# Tenors With Beautiful Chest Voices



## Seattleoperafan (Mar 24, 2013)

Last winter I played Larry Brownlee singing Deep River in a contest and I thought he had a gorgeous voice down low. You wouldn't expect that from a Rossini tenor. We hear a lot of talk about sopranos with beautiful chest singing but are there any tenors that shine in their chest register and do you have examples.

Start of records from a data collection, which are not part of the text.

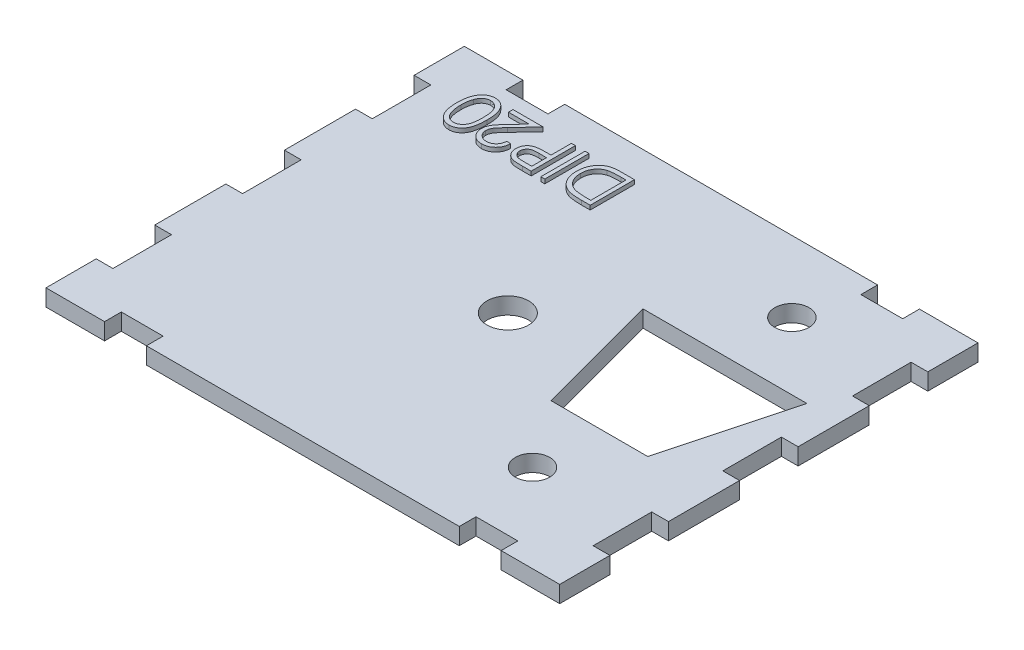
SolidWorks part; units mm, degrees
ref_plane "Front Plane" through (0, 0, 0) normal (0, 0, 1) x (1, 0, 0)
ref_plane "Top Plane" through (0, 0, 0) normal (0, 1, 0) x (1, 0, 0)
ref_plane "Right Plane" through (0, 0, 0) normal (1, 0, 0) x (0, 0, -1)
sketch "Sketch2" plane through (0, 0, 0) normal (0, 1, 0) x (1, 0, 0)
  line L1 (-50, 25) -> (50, 25)
  line L2 (-50, 25) -> (-50, -25)
  line L3 (-50, -25) -> (50, -25)
  line L4 (50, 25) -> (50, -25)
  line L5 (-50, 25) -> (50, -25) construction
  line L6 (-50, -25) -> (50, 25) construction
  point P0 (0, 0)
  dimension "D1" = 100
  dimension "D2" = 50
extrude "Boss-Extrude1" add sketch "Sketch2" along normal blind 2
sketch "Sketch12" plane through (0, 2, 0) normal (0, 1, 0) x (1, 0, 0)
  line L0 (-50, -25) -> (50, -25) construction
  line L1 (-40.2, -25) -> (-50, -25)
  line L2 (-40.2, -25) -> (-40.2, 25)
  line L3 (-40.2, 25) -> (-50, 25)
  line L4 (-50, -25) -> (-50, 25)
  line L5 (-50, -25) -> (50, -25) construction
  line L6 (41.2, -25) -> (50, -25)
  line L7 (41.2, -25) -> (41.2, 25)
  line L8 (41.2, 25) -> (50, 25)
  line L9 (50, -25) -> (50, 25)
extrude "Cut-Extrude8" cut sketch "Sketch12" against normal blind 6
sketch "Sketch13" plane through (0, 2, 0) normal (0, 1, 0) x (1, 0, 0)
  line L1 (-28.2, 19) -> (-30.2, 19)
  line L2 (-28.2, 19) -> (-28.2, 12)
  line L3 (-28.2, 12) -> (-30.2, 12)
  line L4 (-30.2, 19) -> (-30.2, 12)
  line L5 (-28.2, 3.5) -> (-30.2, 3.5)
  line L6 (-28.2, 3.5) -> (-28.2, -3.5)
  line L7 (-28.2, -3.5) -> (-30.2, -3.5)
  line L8 (-30.2, 3.5) -> (-30.2, -3.5)
  line L9 (-28.2, -12) -> (-30.2, -12)
  line L10 (-28.2, -12) -> (-28.2, -19)
  line L11 (-28.2, -19) -> (-30.2, -19)
  line L12 (-30.2, -12) -> (-30.2, -19)
  line L13 (29.2, 19) -> (31.2, 19)
  line L14 (29.2, 19) -> (29.2, 12)
  line L15 (29.2, 12) -> (31.2, 12)
  line L16 (31.2, 19) -> (31.2, 12)
  line L17 (29.2, 3.5) -> (31.2, 3.5)
  line L18 (29.2, 3.5) -> (29.2, -3.5)
  line L19 (29.2, -3.5) -> (31.2, -3.5)
  line L20 (31.2, 3.5) -> (31.2, -3.5)
  line L21 (29.2, -12) -> (31.2, -12)
  line L22 (29.2, -12) -> (29.2, -19)
  line L23 (29.2, -19) -> (31.2, -19)
  line L24 (31.2, -12) -> (31.2, -19)
  line L25 (-40.2, -25) -> (41.2, -25) construction
  line L26 (-23.2, 25) -> (-18.2, 25)
  line L27 (41.2, 25) -> (-40.2, 25) construction
  line L28 (-40.2, -25) -> (41.2, -25) construction
  line L29 (41.2, 25) -> (-40.2, 25) construction
  line L30 (-40.2, -25) -> (41.2, -25) construction
  line L31 (41.2, 25) -> (31.2, 25)
  line L32 (41.2, 25) -> (41.2, -25)
  line L33 (41.2, -25) -> (31.2, -25)
  line L34 (31.2, 25) -> (31.2, -25)
  line L35 (41.2, 25) -> (-40.2, 25) construction
  line L36 (-40.2, -25) -> (-30.2, -25)
  line L37 (-40.2, -25) -> (-40.2, 25)
  line L38 (-40.2, 25) -> (-30.2, 25)
  line L39 (-30.2, -25) -> (-30.2, 25)
  line L40 (-23.2, 25) -> (-23.2, 23)
  line L41 (-23.2, 23) -> (-18.2, 23)
  line L42 (-18.2, 25) -> (-18.2, 23)
  line L43 (-23.2, -25) -> (-18.2, -25)
  line L44 (-23.2, -25) -> (-23.2, -23)
  line L45 (-23.2, -23) -> (-18.2, -23)
  line L46 (-18.2, -25) -> (-18.2, -23)
  line L47 (24.2, -25) -> (19.2, -25)
  line L48 (24.2, -25) -> (24.2, -23)
  line L49 (24.2, -23) -> (19.2, -23)
  line L50 (19.2, -25) -> (19.2, -23)
  line L51 (24.2, 25) -> (19.2, 25)
  line L52 (24.2, 25) -> (24.2, 23)
  line L53 (24.2, 23) -> (19.2, 23)
  line L54 (19.2, 25) -> (19.2, 23)
  point P24 (29.2, 0)
  point P30 (30.2, 3.5)
  line M32 (41.2, -25) -> (41.2, 25)
  line M41 (41.2, 25) -> (-40.2, 25)
  line M42 (-40.2, 25) -> (-40.2, -25)
  line M47 (-40.2, -25) -> (41.2, -25)
  dimension "D1" = 2
  dimension "D2" = 2
  dimension "D3" = 2
  dimension "D4" = 2
  dimension "D5" = 2
  dimension "D6" = 2
  dimension "D7" = 57.4
  dimension "D8" = 57.4
  dimension "D9" = 57.4
  dimension "D10" = 7
  dimension "D11" = 7
  dimension "D12" = 7
  dimension "D13" = 7
  dimension "D14" = 7
  dimension "D15" = 7
  dimension "D16" = 5
  dimension "D17" = 2
  dimension "D18" = 5
  dimension "D19" = 6
  dimension "D20" = 8.5
  dimension "D21" = 8.5
  dimension "D22" = 6
  dimension "D23" = 6
  dimension "D24" = 8.5
  dimension "D25" = 8.5
  dimension "D26" = 6
  dimension "D27" = 5
  dimension "D28" = 5
  dimension "D29" = 2
  dimension "D30" = 2
  dimension "D31" = 5
  dimension "D32" = 5
  dimension "D33" = 5
  dimension "D34" = 5
  dimension "D35" = 2
extrude "Cut-Extrude10" cut sketch "Sketch13" against normal blind 6 contours L5 L8 L7 L6 | L39 L12 L8 L4 M47 M41 M42 | L1 L4 L3 L2 | L50 L48 L49 M47 | L24 L21 L22 L23 | L20 L17 L18 L19 | L16 L13 L14 L15 | L54 L53 L52 M41 | L9 L12 L11 L10 | L34 L16 L20 L24 M41 M47 M32 | L26 L42 L41 L40 | L45 L46 L43 L44 region at (-29.2, 2, -15.5) region at (-35.2, 2, 0) region at (-29.2, 2, 0) region at (-29.2, 2, 15.5) region at (21.7, 2, -24) region at (36.2, 2, 0) region at (21.7, 2, 24) region at (30.2, 2, -15.5) region at (30.2, 2, 0) region at (30.2, 2, 15.5)
sketch "Sketch15" plane through (0, 0, 0) normal (0, -1, 0) x (1, 0, 0)
  line L0 (24.2, 23) -> (19.2, 23) construction
  line L16 (20.7242, -7.5) -> (20.7242, -8.5)
  line L17 (20.7242, -7.5) -> (25.936, -7.5)
  line L18 (25.936, -7.5) -> (22.4527, 5.5)
  line L19 (22.4527, 5.5) -> (12.4527, 5.5)
  line L20 (12.4527, 5.5) -> (8.9693, -7.5)
  line L21 (8.9693, -7.5) -> (14.1811, -7.5)
  line L22 (14.1811, -7.5) -> (14.1811, -8.5)
  line L23 (14.1811, -8.5) -> (7.6661, -8.5)
  line L24 (7.6661, -8.5) -> (11.6853, 6.5)
  line L25 (11.6853, 6.5) -> (23.22, 6.5)
  line L26 (23.22, 6.5) -> (27.2392, -8.5)
  line L27 (27.2392, -8.5) -> (20.7242, -8.5)
  line L28 (20.7242, -8.5) -> (14.1811, -8.5)
  line L29 (14.1811, -7.5) -> (20.7242, -7.5)
  line L31 (29.2, 12) -> (29.2, 19) construction
  dimension "D4" = 16.5
  dimension "D18" = 11.5347
  dimension "D19" = 15.5291
  dimension "D20" = 15.5291
  dimension "D21" = 13.4586
  dimension "D22" = 13.4586
  dimension "D23" = 10
  dimension "D24" = 5.2118
  dimension "D25" = 5.2118
  dimension "D26" = 6.515
  dimension "D27" = 6.515
  dimension "D28" = 1
  dimension "D29" = 105
  dimension "D30" = 105
  dimension "D31" = 75
  dimension "D32" = 75
  dimension "D33" = 5.98
  dimension "D34" = 1
extrude "Cut-Extrude13" cut sketch "Sketch15" against normal blind 10 contours L21 L29 L17 L18 L19 L20 | L27 L26 L25 L24 L23 L22 L21 L20 L19 L18 L17 L16 | L29 L22 L28 L16 region at (23.3301, 0, -7.7466) region at (17.4527, 0, -1.5597) region at (17.4527, 0, -8)
sketch "Sketch16" plane through (0, 0, 0) normal (0, -1, 0) x (-1, 0, 0)
  circle A0 centre (0, 0) radius 2.5
  dimension "D1" = 5
extrude "Cut-Extrude14" cut sketch "Sketch16" against normal blind 10 contours A0
sketch "Sketch17" plane through (0, 0, 0) normal (0, -1, 0) x (-1, 0, 0)
  line L2 (-27.2392, 8.5) -> (-7.6661, 8.5) construction
  line L4 (-11.6853, -6.5) -> (-23.22, -6.5) construction
  circle A0 centre (-17.4527, -14.5) radius 2.05
  circle A1 centre (-17.4527, 16.5) radius 2.05
  dimension "D1" = 4.1
  dimension "D2" = 4.1
  dimension "D3" = 8
  dimension "D4" = 9.7866
  dimension "D5" = 9.7866
  dimension "D6" = 5.7673
  dimension "D7" = 5.7673
  dimension "D8" = 8
extrude "Cut-Extrude15" cut sketch "Sketch17" against normal blind 3.5
sketch "Sketch22" plane through (0, 2, 0) normal (0, 1, 0) x (1, 0, 0)
  line L0 (-24.5837, 20.8621) -> (9.284, 20.8621) construction
  text T0 "DIP20" font "Century Gothic" height in points 20
extrude "Boss-Extrude4" add sketch "Sketch22" along normal blind 0.5

I am sure I came across this happening before but wasn't consciously thinking about the issue at the time.


----------



## MAS (Apr 15, 2015)

Franco Corelli (starts around 3:49) - this is late Corelli.


----------



## BalalaikaBoy (Sep 25, 2014)

Giuseppe Giacomini was a somewhat inconsistent singer, but when he was on, he was *on*.







Seattleoperafan said:


> Last winter I played Larry Brownlee singing Deep River in a contest and I thought he had a gorgeous voice down low. You wouldn't expect that from a Rossini tenor. We hear a lot of talk about sopranos with beautiful chest singing but are there any tenors that shine in their chest register and do you have examples. I am sure I came across this happening before but wasn't consciously thinking about the issue at the time.


It didn't used to be quite so rare. Rossini used to be sung by strong singers of all voice types. Additionally, most of his roles don't even sit that high to begin with, so the trend of choosing all these high, bright and light voices on a regular basis doesn't make historical sense to me (two of his favorite singers were a bass and a contralto, and his wife was referred to as a "dramatic soprano", even if they probably defined this a little differently)

Prime example: Hermann Jadlowker was a singer from the early 20th century who sang middle to late Verdi and verismo in addition to Rossini.


----------



## tsquare07 (Sep 22, 2018)




----------



## Seattleoperafan (Mar 24, 2013)

BalalaikaBoy said:


> Giuseppe Giacomini was a somewhat inconsistent singer, but when he was on, he was *on*.
> 
> 
> 
> ...


I love the photos of him and his lover!!!! A birdy told me this might show up in a contest so forget you heard this aria here.


----------



## BBSVK (10 mo ago)

You guys recommended to me Melchior as someone with a good "core". Doesn't it authomatically mean good chest participation in the voice ?


----------